The Train to Eilat- Stopping the Train of Illusions
Picture yourself boarding a train in Tel Aviv heading south. Riding through magnificent desert views, impressive craters and other unique natural and historical sites such as Ma'ale Akrabim, Ein Akrabim, Nahal Gov, Mount Zin and Ein Zin and after 2 and a half hours arriving in Eilat. That is how the new Eilat Train Project is marketed. Sounds like a dream doesn’t it? Well…more like a nightmare.
A thorough analysis of the project, one of the major infrastructure initiatives in Israeli history reveals the destructive effects of the project on one of the Land's significant natural areas and its ecosystems. The chosen train route might be the cheapest financially but has an expensive environmental price tag. Building the railway and the required infrastructure will destroy the beautiful and natural desert scenery, shattering ecological corridors and sensitive ecosystems in the Negev, and harm the quality of life for local residents.
The City of Eilat will also have to undergo fundamental changes to accommodate the extensive use of cargo shipments arriving by land.

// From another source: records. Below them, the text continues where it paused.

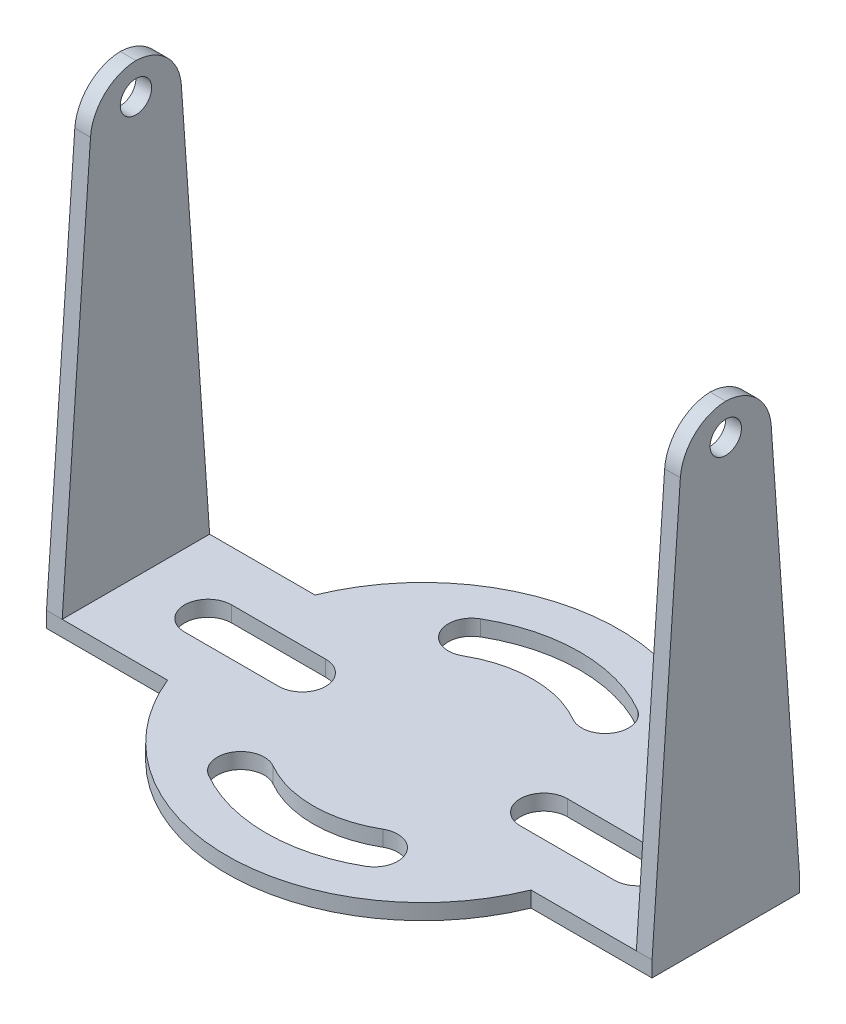
ISO-10303-21;
HEADER;
FILE_DESCRIPTION(('STEP AP214'),'2;1');
FILE_NAME('part.step','',(''),(''),'','','');
FILE_SCHEMA(('AUTOMOTIVE_DESIGN { 1 0 10303 214 1 1 1 1 }'));
ENDSEC;
DATA;
#1=APPLICATION_CONTEXT('core data for automotive mechanical design processes');
#2=APPLICATION_PROTOCOL_DEFINITION('international standard','automotive_design',2000,#1);
#3=PRODUCT_CONTEXT('',#1,'mechanical');
#4=PRODUCT('Part','Part','',(#3));
#5=PRODUCT_RELATED_PRODUCT_CATEGORY('part','',(#4));
#6=PRODUCT_DEFINITION_FORMATION('','',#4);
#7=PRODUCT_DEFINITION_CONTEXT('part definition',#1,'design');
#8=PRODUCT_DEFINITION('design','',#6,#7);
#9=PRODUCT_DEFINITION_SHAPE('','',#8);
#10=(LENGTH_UNIT() NAMED_UNIT(*) SI_UNIT(.MILLI.,.METRE.));
#11=(NAMED_UNIT(*) PLANE_ANGLE_UNIT() SI_UNIT($,.RADIAN.));
#12=(NAMED_UNIT(*) SI_UNIT($,.STERADIAN.) SOLID_ANGLE_UNIT());
#13=UNCERTAINTY_MEASURE_WITH_UNIT(LENGTH_MEASURE(1.E-05),#10,'distance_accuracy_value','');
#14=(GEOMETRIC_REPRESENTATION_CONTEXT(3) GLOBAL_UNCERTAINTY_ASSIGNED_CONTEXT((#13)) GLOBAL_UNIT_ASSIGNED_CONTEXT((#10,
#11,#12)) REPRESENTATION_CONTEXT('',''));
#15=CARTESIAN_POINT('',(0.,0.,0.));
#16=DIRECTION('',(0.,0.,1.));
#17=DIRECTION('',(1.,0.,0.));
#18=AXIS2_PLACEMENT_3D('',#15,#16,#17);
#19=CARTESIAN_POINT('',(19.3,1.,-4.7));
#20=DIRECTION('',(0.,0.,1.));
#21=DIRECTION('',(1.,0.,0.));
#22=AXIS2_PLACEMENT_3D('',#19,#20,#21);
#23=PLANE('',#22);
#24=DIRECTION('',(1.,0.,0.));
#25=VECTOR('',#24,1.);
#26=CARTESIAN_POINT('',(-19.3,0.999999999999998,-4.7));
#27=LINE('',#26,#25);
#28=CARTESIAN_POINT('',(18.3,0.999999999999998,-4.7));
#29=VERTEX_POINT('',#28);
#30=CARTESIAN_POINT('',(19.3,0.999999999999998,-4.7));
#31=VERTEX_POINT('',#30);
#32=EDGE_CURVE('E250',#29,#31,#27,.T.);
#33=ORIENTED_EDGE('',*,*,#32,.T.);
#34=DIRECTION('',(0.,-1.,0.));
#35=VECTOR('',#34,1.);
#36=CARTESIAN_POINT('',(19.3,1.,-4.7));
#37=LINE('',#36,#35);
#38=CARTESIAN_POINT('',(19.3,0.,-4.7));
#39=VERTEX_POINT('',#38);
#40=EDGE_CURVE('E262',#31,#39,#37,.T.);
#41=ORIENTED_EDGE('',*,*,#40,.T.);
#42=DIRECTION('',(-1.,0.,0.));
#43=VECTOR('',#42,1.);
#44=CARTESIAN_POINT('',(19.3,0.,-4.7));
#45=LINE('',#44,#43);
#46=CARTESIAN_POINT('',(11.5827457884562,0.,-4.7));
#47=VERTEX_POINT('',#46);
#48=EDGE_CURVE('E503',#39,#47,#45,.T.);
#49=ORIENTED_EDGE('',*,*,#48,.T.);
#50=DIRECTION('',(0.,1.,0.));
#51=VECTOR('',#50,1.);
#52=CARTESIAN_POINT('',(11.5827457884562,0.,-4.7));
#53=LINE('',#52,#51);
#54=CARTESIAN_POINT('',(11.5827457884562,1.,-4.7));
#55=VERTEX_POINT('',#54);
#56=EDGE_CURVE('E475',#47,#55,#53,.T.);
#57=ORIENTED_EDGE('',*,*,#56,.T.);
#58=DIRECTION('',(-1.,0.,0.));
#59=VECTOR('',#58,1.);
#60=CARTESIAN_POINT('',(19.3,1.,-4.7));
#61=LINE('',#60,#59);
#62=EDGE_CURVE('E266',#29,#55,#61,.T.);
#63=ORIENTED_EDGE('',*,*,#62,.F.);
#64=EDGE_LOOP('',(#33,#41,#49,#57,#63));
#65=FACE_BOUND('',#64,.T.);
#66=ADVANCED_FACE('F36',(#65),#23,.F.);
#67=CARTESIAN_POINT('',(-19.3,1.,4.7));
#68=DIRECTION('',(1.,0.,0.));
#69=DIRECTION('',(0.,0.,-1.));
#70=AXIS2_PLACEMENT_3D('',#67,#68,#69);
#71=PLANE('',#70);
#72=CARTESIAN_POINT('',(-19.3,27.5,0.));
#73=DIRECTION('',(1.,0.,0.));
#74=DIRECTION('',(0.,0.,-1.));
#75=AXIS2_PLACEMENT_3D('',#72,#73,#74);
#76=CIRCLE('',#75,1.);
#77=CARTESIAN_POINT('',(-19.3,27.5,-1.));
#78=VERTEX_POINT('',#77);
#79=EDGE_CURVE('E287',#78,#78,#76,.T.);
#80=ORIENTED_EDGE('',*,*,#79,.T.);
#81=EDGE_LOOP('',(#80));
#82=FACE_BOUND('',#81,.T.);
#83=CARTESIAN_POINT('',(-19.3,26.5,-0.0968515004550874));
#84=DIRECTION('',(1.,0.,0.));
#85=DIRECTION('',(0.,0.,-1.));
#86=AXIS2_PLACEMENT_3D('',#83,#84,#85);
#87=CIRCLE('',#86,3.);
#88=CARTESIAN_POINT('',(-19.3,26.7100098444422,2.89578878284616));
#89=VERTEX_POINT('',#88);
#90=CARTESIAN_POINT('',(-19.3,29.4984362235772,0.));
#91=VERTEX_POINT('',#90);
#92=EDGE_CURVE('E294',#89,#91,#87,.F.);
#93=ORIENTED_EDGE('',*,*,#92,.T.);
#94=CARTESIAN_POINT('',(-19.3,26.5,0.0968515004550873));
#95=DIRECTION('',(1.,0.,0.));
#96=DIRECTION('',(0.,0.,-1.));
#97=AXIS2_PLACEMENT_3D('',#94,#95,#96);
#98=CIRCLE('',#97,3.);
#99=CARTESIAN_POINT('',(-19.3,26.7100098444422,-2.89578878284616));
#100=VERTEX_POINT('',#99);
#101=EDGE_CURVE('E296',#91,#100,#98,.F.);
#102=ORIENTED_EDGE('',*,*,#101,.T.);
#103=DIRECTION('',(0.,0.997546761100416,0.0700032814807309));
#104=VECTOR('',#103,1.);
#105=CARTESIAN_POINT('',(-19.3,0.999999999999998,-4.7));
#106=LINE('',#105,#104);
#107=CARTESIAN_POINT('',(-19.3,0.999999999999998,-4.7));
#108=VERTEX_POINT('',#107);
#109=EDGE_CURVE('E257',#108,#100,#106,.T.);
#110=ORIENTED_EDGE('',*,*,#109,.F.);
#111=DIRECTION('',(0.,-1.,0.));
#112=VECTOR('',#111,1.);
#113=CARTESIAN_POINT('',(-19.3,1.,-4.7));
#114=LINE('',#113,#112);
#115=CARTESIAN_POINT('',(-19.3,0.,-4.7));
#116=VERTEX_POINT('',#115);
#117=EDGE_CURVE('E275',#108,#116,#114,.T.);
#118=ORIENTED_EDGE('',*,*,#117,.T.);
#119=DIRECTION('',(0.,0.,1.));
#120=VECTOR('',#119,1.);
#121=CARTESIAN_POINT('',(-19.3,0.,4.7));
#122=LINE('',#121,#120);
#123=CARTESIAN_POINT('',(-19.3,0.,4.7));
#124=VERTEX_POINT('',#123);
#125=EDGE_CURVE('E489',#116,#124,#122,.T.);
#126=ORIENTED_EDGE('',*,*,#125,.T.);
#127=DIRECTION('',(0.,-1.,0.));
#128=VECTOR('',#127,1.);
#129=CARTESIAN_POINT('',(-19.3,1.,4.7));
#130=LINE('',#129,#128);
#131=CARTESIAN_POINT('',(-19.3,0.999999999999998,4.7));
#132=VERTEX_POINT('',#131);
#133=EDGE_CURVE('E277',#132,#124,#130,.T.);
#134=ORIENTED_EDGE('',*,*,#133,.F.);
#135=DIRECTION('',(0.,0.997546761100416,-0.070003281480731));
#136=VECTOR('',#135,1.);
#137=CARTESIAN_POINT('',(-19.3,0.333108728943338,4.74679938744257));
#138=LINE('',#137,#136);
#139=EDGE_CURVE('E326',#132,#89,#138,.T.);
#140=ORIENTED_EDGE('',*,*,#139,.T.);
#141=EDGE_LOOP('',(#93,#102,#110,#118,#126,#134,#140));
#142=FACE_BOUND('',#141,.T.);
#143=ADVANCED_FACE('F522',(#82,#142),#71,.F.);
#144=CARTESIAN_POINT('',(19.3,1.,4.7));
#145=DIRECTION('',(-1.,0.,0.));
#146=DIRECTION('',(0.,0.,1.));
#147=AXIS2_PLACEMENT_3D('',#144,#145,#146);
#148=PLANE('',#147);
#149=CARTESIAN_POINT('',(19.3,27.5,0.));
#150=DIRECTION('',(1.,0.,0.));
#151=DIRECTION('',(0.,0.,-1.));
#152=AXIS2_PLACEMENT_3D('',#149,#150,#151);
#153=CIRCLE('',#152,1.);
#154=CARTESIAN_POINT('',(19.3,27.5,-1.));
#155=VERTEX_POINT('',#154);
#156=EDGE_CURVE('E308',#155,#155,#153,.T.);
#157=ORIENTED_EDGE('',*,*,#156,.F.);
#158=EDGE_LOOP('',(#157));
#159=FACE_BOUND('',#158,.T.);
#160=DIRECTION('',(0.,0.997546761100416,0.0700032814807309));
#161=VECTOR('',#160,1.);
#162=CARTESIAN_POINT('',(19.3,0.999999999999998,-4.7));
#163=LINE('',#162,#161);
#164=CARTESIAN_POINT('',(19.3,26.7100098444422,-2.89578878284616));
#165=VERTEX_POINT('',#164);
#166=EDGE_CURVE('E246',#31,#165,#163,.T.);
#167=ORIENTED_EDGE('',*,*,#166,.T.);
#168=CARTESIAN_POINT('',(19.3,26.5,0.0968515004550873));
#169=DIRECTION('',(-1.,0.,0.));
#170=DIRECTION('',(0.,0.,1.));
#171=AXIS2_PLACEMENT_3D('',#168,#169,#170);
#172=CIRCLE('',#171,3.);
#173=CARTESIAN_POINT('',(19.3,29.4984362235772,0.));
#174=VERTEX_POINT('',#173);
#175=EDGE_CURVE('E303',#165,#174,#172,.F.);
#176=ORIENTED_EDGE('',*,*,#175,.T.);
#177=CARTESIAN_POINT('',(19.3,26.5,-0.0968515004550874));
#178=DIRECTION('',(-1.,0.,0.));
#179=DIRECTION('',(0.,0.,1.));
#180=AXIS2_PLACEMENT_3D('',#177,#178,#179);
#181=CIRCLE('',#180,3.);
#182=CARTESIAN_POINT('',(19.3,26.7100098444422,2.89578878284616));
#183=VERTEX_POINT('',#182);
#184=EDGE_CURVE('E301',#174,#183,#181,.F.);
#185=ORIENTED_EDGE('',*,*,#184,.T.);
#186=DIRECTION('',(0.,0.997546761100416,-0.070003281480731));
#187=VECTOR('',#186,1.);
#188=CARTESIAN_POINT('',(19.3,0.333108728943338,4.74679938744257));
#189=LINE('',#188,#187);
#190=CARTESIAN_POINT('',(19.3,0.999999999999998,4.7));
#191=VERTEX_POINT('',#190);
#192=EDGE_CURVE('E321',#191,#183,#189,.T.);
#193=ORIENTED_EDGE('',*,*,#192,.F.);
#194=DIRECTION('',(0.,-1.,0.));
#195=VECTOR('',#194,1.);
#196=CARTESIAN_POINT('',(19.3,1.,4.7));
#197=LINE('',#196,#195);
#198=CARTESIAN_POINT('',(19.3,0.,4.7));
#199=VERTEX_POINT('',#198);
#200=EDGE_CURVE('E274',#191,#199,#197,.T.);
#201=ORIENTED_EDGE('',*,*,#200,.T.);
#202=DIRECTION('',(0.,0.,-1.));
#203=VECTOR('',#202,1.);
#204=CARTESIAN_POINT('',(19.3,0.,4.7));
#205=LINE('',#204,#203);
#206=EDGE_CURVE('E272',#199,#39,#205,.T.);
#207=ORIENTED_EDGE('',*,*,#206,.T.);
#208=ORIENTED_EDGE('',*,*,#40,.F.);
#209=EDGE_LOOP('',(#167,#176,#185,#193,#201,#207,#208));
#210=FACE_BOUND('',#209,.T.);
#211=ADVANCED_FACE('F270',(#159,#210),#148,.F.);
#212=CARTESIAN_POINT('',(-18.3,0.999999999999998,-4.7));
#213=VERTEX_POINT('',#212);
#214=EDGE_CURVE('E267',#108,#213,#27,.T.);
#215=ORIENTED_EDGE('',*,*,#214,.T.);
#216=CARTESIAN_POINT('',(-11.5827457884562,1.,-4.7));
#217=VERTEX_POINT('',#216);
#218=EDGE_CURVE('E493',#217,#213,#61,.T.);
#219=ORIENTED_EDGE('',*,*,#218,.F.);
#220=DIRECTION('',(0.,1.,0.));
#221=VECTOR('',#220,1.);
#222=CARTESIAN_POINT('',(-11.5827457884562,0.,-4.7));
#223=LINE('',#222,#221);
#224=CARTESIAN_POINT('',(-11.5827457884562,0.,-4.7));
#225=VERTEX_POINT('',#224);
#226=EDGE_CURVE('E457',#217,#225,#223,.F.);
#227=ORIENTED_EDGE('',*,*,#226,.T.);
#228=EDGE_CURVE('E502',#225,#116,#45,.T.);
#229=ORIENTED_EDGE('',*,*,#228,.T.);
#230=ORIENTED_EDGE('',*,*,#117,.F.);
#231=EDGE_LOOP('',(#215,#219,#227,#229,#230));
#232=FACE_BOUND('',#231,.T.);
#233=ADVANCED_FACE('F511',(#232),#23,.F.);
#234=CARTESIAN_POINT('',(-18.3,29.5,-4.7));
#235=DIRECTION('',(-1.,0.,0.));
#236=DIRECTION('',(0.,0.,1.));
#237=AXIS2_PLACEMENT_3D('',#234,#235,#236);
#238=PLANE('',#237);
#239=CARTESIAN_POINT('',(-18.3,27.5,0.));
#240=DIRECTION('',(-1.,0.,0.));
#241=DIRECTION('',(0.,0.,1.));
#242=AXIS2_PLACEMENT_3D('',#239,#240,#241);
#243=CIRCLE('',#242,1.);
#244=CARTESIAN_POINT('',(-18.3,27.5,1.));
#245=VERTEX_POINT('',#244);
#246=EDGE_CURVE('E268',#245,#245,#243,.T.);
#247=ORIENTED_EDGE('',*,*,#246,.T.);
#248=EDGE_LOOP('',(#247));
#249=FACE_BOUND('',#248,.T.);
#250=DIRECTION('',(0.,-0.997546761100416,-0.0700032814807309));
#251=VECTOR('',#250,1.);
#252=CARTESIAN_POINT('',(-18.3,29.360336906585,-2.70980091883614));
#253=LINE('',#252,#251);
#254=CARTESIAN_POINT('',(-18.3,26.7100098444422,-2.89578878284616));
#255=VERTEX_POINT('',#254);
#256=EDGE_CURVE('E327',#255,#213,#253,.T.);
#257=ORIENTED_EDGE('',*,*,#256,.F.);
#258=CARTESIAN_POINT('',(-18.3,26.5,0.0968515004550873));
#259=DIRECTION('',(-1.,0.,0.));
#260=DIRECTION('',(0.,0.,1.));
#261=AXIS2_PLACEMENT_3D('',#258,#259,#260);
#262=CIRCLE('',#261,3.);
#263=CARTESIAN_POINT('',(-18.3,29.4984362235772,0.));
#264=VERTEX_POINT('',#263);
#265=EDGE_CURVE('E292',#255,#264,#262,.F.);
#266=ORIENTED_EDGE('',*,*,#265,.T.);
#267=CARTESIAN_POINT('',(-18.3,26.5,-0.0968515004550874));
#268=DIRECTION('',(-1.,0.,0.));
#269=DIRECTION('',(0.,0.,1.));
#270=AXIS2_PLACEMENT_3D('',#267,#268,#269);
#271=CIRCLE('',#270,3.);
#272=CARTESIAN_POINT('',(-18.3,26.7100098444422,2.89578878284616));
#273=VERTEX_POINT('',#272);
#274=EDGE_CURVE('E290',#264,#273,#271,.F.);
#275=ORIENTED_EDGE('',*,*,#274,.T.);
#276=DIRECTION('',(0.,-0.997546761100416,0.0700032814807309));
#277=VECTOR('',#276,1.);
#278=CARTESIAN_POINT('',(-18.3,30.0167534456355,2.66373660030628));
#279=LINE('',#278,#277);
#280=CARTESIAN_POINT('',(-18.3,0.999999999999998,4.7));
#281=VERTEX_POINT('',#280);
#282=EDGE_CURVE('E338',#273,#281,#279,.T.);
#283=ORIENTED_EDGE('',*,*,#282,.T.);
#284=DIRECTION('',(0.,0.,-1.));
#285=VECTOR('',#284,1.);
#286=CARTESIAN_POINT('',(-18.3,1.,-4.7));
#287=LINE('',#286,#285);
#288=EDGE_CURVE('E486',#281,#213,#287,.T.);
#289=ORIENTED_EDGE('',*,*,#288,.T.);
#290=EDGE_LOOP('',(#257,#266,#275,#283,#289));
#291=FACE_BOUND('',#290,.T.);
#292=ADVANCED_FACE('F547',(#249,#291),#238,.F.);
#293=CARTESIAN_POINT('',(18.3,29.5,-4.7));
#294=DIRECTION('',(1.,0.,0.));
#295=DIRECTION('',(0.,0.,-1.));
#296=AXIS2_PLACEMENT_3D('',#293,#294,#295);
#297=PLANE('',#296);
#298=CARTESIAN_POINT('',(18.3,27.5,0.));
#299=DIRECTION('',(1.,0.,0.));
#300=DIRECTION('',(0.,0.,-1.));
#301=AXIS2_PLACEMENT_3D('',#298,#299,#300);
#302=CIRCLE('',#301,1.);
#303=CARTESIAN_POINT('',(18.3,27.5,-1.));
#304=VERTEX_POINT('',#303);
#305=EDGE_CURVE('E284',#304,#304,#302,.T.);
#306=ORIENTED_EDGE('',*,*,#305,.T.);
#307=EDGE_LOOP('',(#306));
#308=FACE_BOUND('',#307,.T.);
#309=CARTESIAN_POINT('',(18.3,26.5,-0.0968515004550874));
#310=DIRECTION('',(1.,0.,0.));
#311=DIRECTION('',(0.,0.,-1.));
#312=AXIS2_PLACEMENT_3D('',#309,#310,#311);
#313=CIRCLE('',#312,3.);
#314=CARTESIAN_POINT('',(18.3,26.7100098444422,2.89578878284616));
#315=VERTEX_POINT('',#314);
#316=CARTESIAN_POINT('',(18.3,29.4984362235772,0.));
#317=VERTEX_POINT('',#316);
#318=EDGE_CURVE('E53',#315,#317,#313,.F.);
#319=ORIENTED_EDGE('',*,*,#318,.T.);
#320=CARTESIAN_POINT('',(18.3,26.5,0.0968515004550873));
#321=DIRECTION('',(1.,0.,0.));
#322=DIRECTION('',(0.,0.,-1.));
#323=AXIS2_PLACEMENT_3D('',#320,#321,#322);
#324=CIRCLE('',#323,3.);
#325=CARTESIAN_POINT('',(18.3,26.7100098444422,-2.89578878284616));
#326=VERTEX_POINT('',#325);
#327=EDGE_CURVE('E45',#317,#326,#324,.F.);
#328=ORIENTED_EDGE('',*,*,#327,.T.);
#329=DIRECTION('',(0.,0.997546761100416,0.0700032814807309));
#330=VECTOR('',#329,1.);
#331=CARTESIAN_POINT('',(18.3,29.360336906585,-2.70980091883614));
#332=LINE('',#331,#330);
#333=EDGE_CURVE('E256',#29,#326,#332,.T.);
#334=ORIENTED_EDGE('',*,*,#333,.F.);
#335=DIRECTION('',(0.,0.,1.));
#336=VECTOR('',#335,1.);
#337=CARTESIAN_POINT('',(18.3,1.,-4.7));
#338=LINE('',#337,#336);
#339=CARTESIAN_POINT('',(18.3,0.999999999999998,4.7));
#340=VERTEX_POINT('',#339);
#341=EDGE_CURVE('E483',#29,#340,#338,.T.);
#342=ORIENTED_EDGE('',*,*,#341,.T.);
#343=DIRECTION('',(0.,0.997546761100416,-0.0700032814807309));
#344=VECTOR('',#343,1.);
#345=CARTESIAN_POINT('',(18.3,30.0167534456355,2.66373660030628));
#346=LINE('',#345,#344);
#347=EDGE_CURVE('E336',#340,#315,#346,.T.);
#348=ORIENTED_EDGE('',*,*,#347,.T.);
#349=EDGE_LOOP('',(#319,#328,#334,#342,#348));
#350=FACE_BOUND('',#349,.T.);
#351=ADVANCED_FACE('F530',(#308,#350),#297,.F.);
#352=CARTESIAN_POINT('',(19.3,1.,4.7));
#353=DIRECTION('',(0.,0.,-1.));
#354=DIRECTION('',(-1.,0.,0.));
#355=AXIS2_PLACEMENT_3D('',#352,#353,#354);
#356=PLANE('',#355);
#357=DIRECTION('',(1.,0.,0.));
#358=VECTOR('',#357,1.);
#359=CARTESIAN_POINT('',(19.3,1.,4.7));
#360=LINE('',#359,#358);
#361=CARTESIAN_POINT('',(-11.5827457884562,1.,4.7));
#362=VERTEX_POINT('',#361);
#363=EDGE_CURVE('E490',#281,#362,#360,.T.);
#364=ORIENTED_EDGE('',*,*,#363,.F.);
#365=DIRECTION('',(1.,0.,0.));
#366=VECTOR('',#365,1.);
#367=CARTESIAN_POINT('',(-19.3,0.999999999999998,4.7));
#368=LINE('',#367,#366);
#369=EDGE_CURVE('E333',#132,#281,#368,.T.);
#370=ORIENTED_EDGE('',*,*,#369,.F.);
#371=ORIENTED_EDGE('',*,*,#133,.T.);
#372=DIRECTION('',(1.,0.,0.));
#373=VECTOR('',#372,1.);
#374=CARTESIAN_POINT('',(19.3,0.,4.7));
#375=LINE('',#374,#373);
#376=CARTESIAN_POINT('',(-11.5827457884562,0.,4.7));
#377=VERTEX_POINT('',#376);
#378=EDGE_CURVE('E499',#124,#377,#375,.T.);
#379=ORIENTED_EDGE('',*,*,#378,.T.);
#380=DIRECTION('',(0.,1.,0.));
#381=VECTOR('',#380,1.);
#382=CARTESIAN_POINT('',(-11.5827457884562,0.,4.7));
#383=LINE('',#382,#381);
#384=EDGE_CURVE('E480',#377,#362,#383,.T.);
#385=ORIENTED_EDGE('',*,*,#384,.T.);
#386=EDGE_LOOP('',(#364,#370,#371,#379,#385));
#387=FACE_BOUND('',#386,.T.);
#388=ADVANCED_FACE('F555',(#387),#356,.F.);
#389=CARTESIAN_POINT('',(0.,1.,0.));
#390=DIRECTION('',(0.,1.,0.));
#391=DIRECTION('',(0.,0.,1.));
#392=AXIS2_PLACEMENT_3D('',#389,#390,#391);
#393=PLANE('',#392);
#394=CARTESIAN_POINT('',(0.,1.,0.));
#395=DIRECTION('',(0.,1.,0.));
#396=DIRECTION('',(0.,0.,1.));
#397=AXIS2_PLACEMENT_3D('',#394,#395,#396);
#398=CIRCLE('',#397,12.5);
#399=EDGE_CURVE('E443',#55,#217,#398,.T.);
#400=ORIENTED_EDGE('',*,*,#399,.T.);
#401=ORIENTED_EDGE('',*,*,#218,.T.);
#402=ORIENTED_EDGE('',*,*,#288,.F.);
#403=ORIENTED_EDGE('',*,*,#363,.T.);
#404=CARTESIAN_POINT('',(11.5827457884562,1.,4.7));
#405=VERTEX_POINT('',#404);
#406=EDGE_CURVE('E441',#362,#405,#398,.T.);
#407=ORIENTED_EDGE('',*,*,#406,.T.);
#408=EDGE_CURVE('E494',#405,#340,#360,.T.);
#409=ORIENTED_EDGE('',*,*,#408,.T.);
#410=ORIENTED_EDGE('',*,*,#341,.F.);
#411=ORIENTED_EDGE('',*,*,#62,.T.);
#412=EDGE_LOOP('',(#400,#401,#402,#403,#407,#409,#410,#411));
#413=FACE_BOUND('',#412,.T.);
#414=CARTESIAN_POINT('',(4.24999999999996,1.,-7.36121593216775));
#415=DIRECTION('',(0.,1.,0.));
#416=DIRECTION('',(0.,0.,1.));
#417=AXIS2_PLACEMENT_3D('',#414,#415,#416);
#418=CIRCLE('',#417,1.5);
#419=CARTESIAN_POINT('',(3.49999999999997,1.,-6.06217782649109));
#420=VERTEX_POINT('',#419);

Building a new port would endanger Eilat's coral reef, a unique marine ecosystem and one of the city's most important tourist attractions.
A report ordered by Israel's Nature and Parks Authority found that the Eilat Train Project is not cost effective and a huge waste of public money. The new train line will not become a viable alternative to the Suez Canal, and according to this assessment it will take over 40 years and 2 million passengers annually for the government to recoup the investment – as well as potentially causing further diplomatic tension with Egypt. In the meantime, the NIS 40 billion earmarked for the train can instead be used towards the expansion public transportation that is much needed in Israel.
SPNI recognizes the real economic and developmental need to connect Eilat and the Negev to the rest of the country. As such, we have commissioned an independent team of Israeli economic and transportation experts to develop alternatives that are both economically and environmentally friendly.